IExpress
- Screenshot of IExpress in Windows 11
- Developer(s): Microsoft
- Operating system: Windows NT
- Type: Self-contained installation packages maker

= IExpress =

Software included within Microsoft Windows

IExpress, a component of Windows 2000 and later versions of the operating system, is used to create self-extracting packages from a set of files. Such packages can be used to install software.

==Overview==
IExpress (IEXPRESS.EXE) can be used for distributing self-contained installation packages (INF-based setup executables) to multiple local or remote Windows computers. It creates a self-extracting executable (.EXE) or a compressed Cabinet (.CAB) file using either the provided front end interface (IExpress Wizard), or a custom Self Extraction Directive (SED) file.
SED files can be modified with any plain text/ASCII editor, like Notepad. All self-extracting files created by IExpress use CAB compression algorithms, are compressed using the Cabinet Maker (MAKECAB.EXE) tool, and are extracted using the WExtract (WEXTRACT.EXE) tool.
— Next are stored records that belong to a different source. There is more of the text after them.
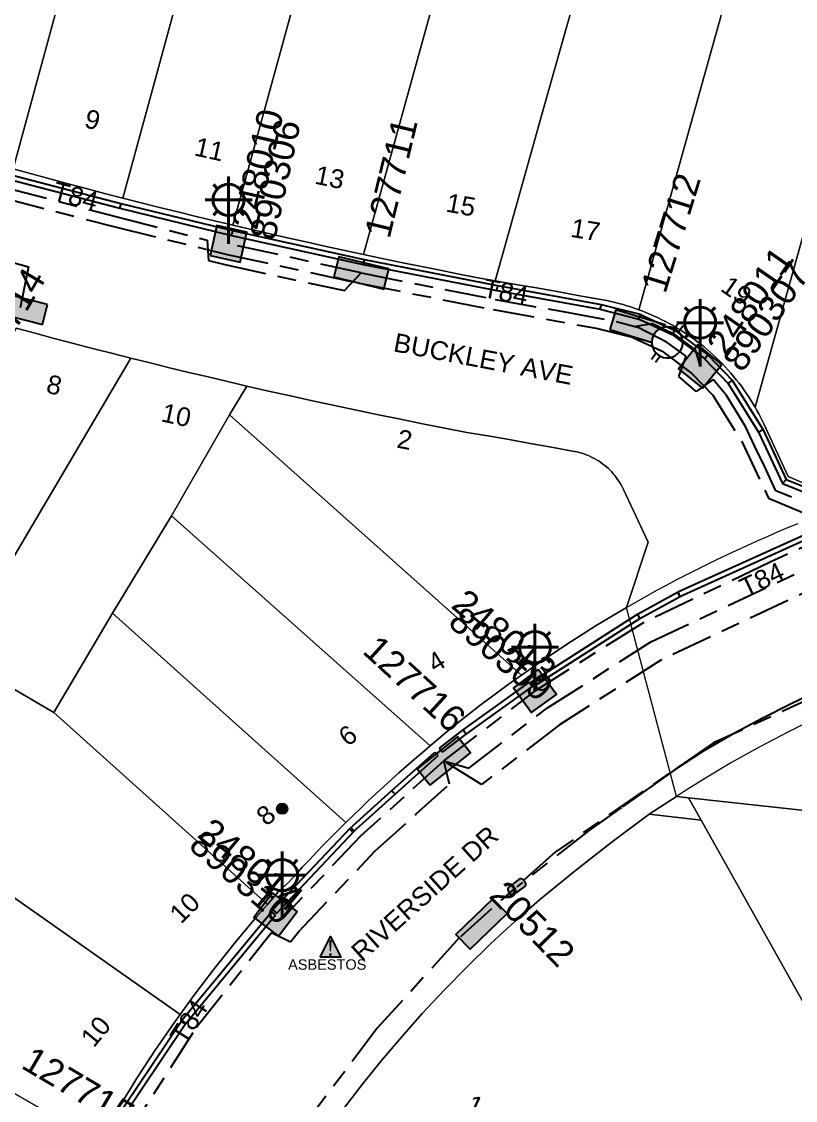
# Model space of a CAD drawing. Header units: metres. Extents: x 299140 to 300955, y 6226202 to 6227439.
# Drawn here: x 299893 to 299967.4, y 6226787.1 to 6226890.8 of the extents above; entities that cross this region are included whole.
import ezdxf
from ezdxf.enums import TextEntityAlignment as Align

# ---------------------------------------------------------------- set-up
doc = ezdxf.new("R2010")
doc.units = ezdxf.units.M
doc.linetypes.add('Cable Exist UG', pattern=[8.2, 4, -1.2, 1.8, -1.2])
doc.layers.get('0').update_dxf_attribs({"color": 6})
doc.layers.add('Cadastre Land Parcels_SP_EXT', color=9, linetype='Continuous', lineweight=5)
doc.layers.add('Cadastre Roads_SP_EXT', color=9, linetype='Continuous', lineweight=5)
for name, color, linetype in [('Duct_SP_EXT', 7, 'Continuous'), ('Equip_LV_EXT', 7, 'Continuous'), ('Equip_SL_EXT', 7, 'Continuous'), ('Equip_SP_SL_EXT', 7, 'Continuous'), ('Mains_HV_EXT', 7, 'Continuous'), ('Mains_LV_EXT', 7, 'Continuous'), ('Mains_LV_SL_EXT', 7, 'Continuous'), ('Mains_SL_EXT', 7, 'Continuous'), ('SupportsUG_SP_LV_EXT', 7, 'Continuous'), ('SupportsUG_SP_LV_SL_EXT', 7, 'Continuous')]:
    doc.layers.add(name, color=color, linetype=linetype)
doc.styles.add('COLUMN_LABEL', font='arial.ttf')
doc.styles.add('iecARIAL', font='arial.ttf', dxfattribs={"height": 2})
doc.styles.add('iecNAME', font='times.ttf')
doc.styles.add('POLE_LABEL', font='arial.ttf')
doc.styles.get("Standard").update_dxf_attribs({"font": 'arial.ttf'})

# ---------------------------------------------------------------- blocks, each defined once
blk = doc.blocks.new('COLUMN_EXT')
blk.add_hatch(color=256).paths.add_polyline_path([(-1.49, 1.48), (-1.49, -1.49), (1.48, -1.49), (1.48, 1.48)])
blk.add_lwpolyline([(-1.49, -1.49), (1.48, -1.49), (1.48, 1.48), (-1.49, 1.48)], close=True)
for tag, height, style, flags, p in [('ASSET_NUM', 2.5, 'COLUMN_LABEL', 8, (2, 2)), ('STRUCTURE_PLANT_NUMBER', 0.2, 'POLE_LABEL', 9, (1.81, 0.03)), ('STREET_CODE', 0.2, 'COLUMN_LABEL', 9, (1.81, -0.2))]:
    blk.add_attdef(tag, text='', height=height, dxfattribs=dict(style=style, flags=flags)).set_placement(p, align=Align.MIDDLE_LEFT)
at = {"flags": 9}
for tag, p in [('COLUMN_TYPE', (1.81, -0.4)), ('OWNED_BY', (1.81, -0.6)), ('STATE', (1.81, -0.8)), ('USAGE', (1.81, -1)), ('STREETNAME', (1.81, -1.6)), ('SUBURB', (1.81, -1.8)), ('LEGEND', (1.81, -1.2)), ('LOCATION', (1.81, -1.4)), ('NOTES', (1.81, -2))]:
    blk.add_attdef(tag, text='', height=0.2, dxfattribs=at).set_placement(p, align=Align.MIDDLE_LEFT)
at = {"flags": 1}
blk.add_attdef('Z', (1.81, -2.35), '', height=0.2, dxfattribs=at)
blk = doc.blocks.new('PILLAR_EXT')
blk.add_hatch(color=256).paths.add_polyline_path([(-2.475, 0.99), (-2.475, -0.99), (2.475, -0.99), (2.475, 0.99)])
blk.add_lwpolyline([(-2.475, -0.99), (2.475, -0.99), (2.475, 0.99), (-2.475, 0.99)], close=True)
at = {"style": 'iecARIAL', "flags": 8}
blk.add_attdef('ASSET_NUM', (1.5, 3.5), '', height=2.5, dxfattribs=at)
for tag, p, flags in [('OWNED_BY', (0, -0.2), 9), ('STATE', (0, -0.4), 9), ('SUPPORT_TYPE', (0, -0.6), 9), ('USAGE', (0, -0.8), 9), ('LEGEND', (0, -1), 9), ('LOCATION', (0, -1.2), 9), ('STREETNAME', (0, -1.8), 9), ('SUBURB', (0, -2), 1), ('NOTES', (0, -1.4), 9), ('PARENT', (0, -1.6), 9)]:
    blk.add_attdef(tag, p, '', height=0.2, dxfattribs=dict(flags=flags))
blk = doc.blocks.new('SL_LANTERN_EXT')
at = {"lineweight": 40}
for p, q in [((0, 1.97), (0, 6.47)), ((-1.46, 5.68), (-1.06, 5.28)), ((1.46, 5.68), (1.06, 5.28)), ((-2.25, 4.22), (2.25, 4.22)), ((-1.46, 2.76), (-1.06, 3.16)), ((1.46, 2.76), (1.06, 3.16)), ((0, 0), (0, 2.72))]:
    blk.add_line(p, q, dxfattribs=at)
blk.add_circle((0, 4.22), 1.5, dxfattribs=at)
at = {"style": 'iecARIAL', "flags": 8}
blk.add_attdef('ASSET_NUM', (1.5, 1.5), '', height=2.5, dxfattribs=at)
for tag, p, height, flags in [('CONSTRUCTED_VOLTAGE', (0.98, -0.65), 0.2, 9), ('CONTROL_TYPE', (0.98, -0.85), 0.2, 9), ('LANTERN_PURPOSE', (0.98, -1.05), 0.2, 9), ('LNUMBER', (2.18, -3.25), 2.5, 8), ('OPERATING_VOLTAGE', (0.98, -1.65), 0.2, 9), ('ORIENTATION', (0.98, -1.85), 0.2, 9), ('OWNED_BY', (0.98, -2.05), 0.2, 9), ('STATE', (0.98, -2.25), 0.2, 9), ('LANTERN_TYPE', (0.98, -1.25), 0.2, 9), ('NO_PHASES', (0.98, -1.45), 0.2, 9), ('USAGE', (0.98, -2.45), 0.2, 9), ('CEXIST', (0.98, -2.65), 0.2, 9), ('CNEW', (0.98, -2.85), 0.2, 9), ('CNUMBER', (0.98, -3.05), 0.2, 9), ('CREMOVE', (0.98, -3.25), 0.2, 9), ('CREPLACE', (0.98, -3.45), 0.2, 9), ('LKINGHEIGHT', (0.98, -3.65), 0.2, 9), ('LBRACKET', (0.98, -3.85), 0.2, 9), ('LBRACKETVOCAB', (0.98, -4.05), 0.2, 9), ('LCATEGORY', (0.98, -4.25), 0.2, 9), ('LCHARGE1', (0.98, -4.45), 0.2, 9), ('LCHARGE1PERCENT', (0.98, -4.65), 0.2, 9), ('LCHARGE2', (0.98, -4.85), 0.2, 9), ('LCHARGE2PERCENT', (0.98, -5.05), 0.2, 9), ('LCHARGE3', (0.98, -5.25), 0.2, 9), ('LCHARGE3PERCENT', (0.98, -5.45), 0.2, 9), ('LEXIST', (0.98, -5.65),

IEXPRESS.EXE is located in the SYSTEM32 folder of both 32 and 64-bit installations of Windows. The front end interface (IExpress Wizard) can be started by manually navigating to the respective directory and opening the executable (IExpress.exe), or by typing IExpress into the Run window of the Start Menu. It can also be used from a Windows command processor shell or batch file to create custom installation packages, eventually unattended (i.e.,automated operation):

IEXPRESS /N drive_letter:\directory_name\file_name.SED

IExpress Wizard interface guides the user through the process of creating a self-extracting package. It asks what the package should do: extract files and then run a program, or just extract files. It then allows the user to specify a title for the package, add a confirmation prompt, add a license agreement that the end-user must accept in order to allow extraction, select files to be archived, set display options for the progress window, and finally, specify a message to display upon completion.

If the option to create an archive and run a program is selected, then there will be an additional step, prompting the user to select the program that will be run upon extraction.

==Security==
The self-extracting packages created with IExpress have (inherent) vulnerabilities which allow arbitrary code execution because of the way they handle their installation command and their command line processing. Additionally, because of the way Windows User Account Control handles installers, these vulnerabilities allow for privilege escalation.

Specifically, the two inherent vulnerabilities in IExpress are:
- a /c: switch tells the package to run an arbitrary command in the extracted directory, and
- the directory is predictable and writable by any ordinary user, resulting in the usual msiexec.exe command being user-replaceable by an attack payload.
The latter point has been fixed by Microsoft in MS14-049, but the former is only addressed by a policy to deprecate IExpress. In addition, a DLL hijacking exploit is also possible with IExpress.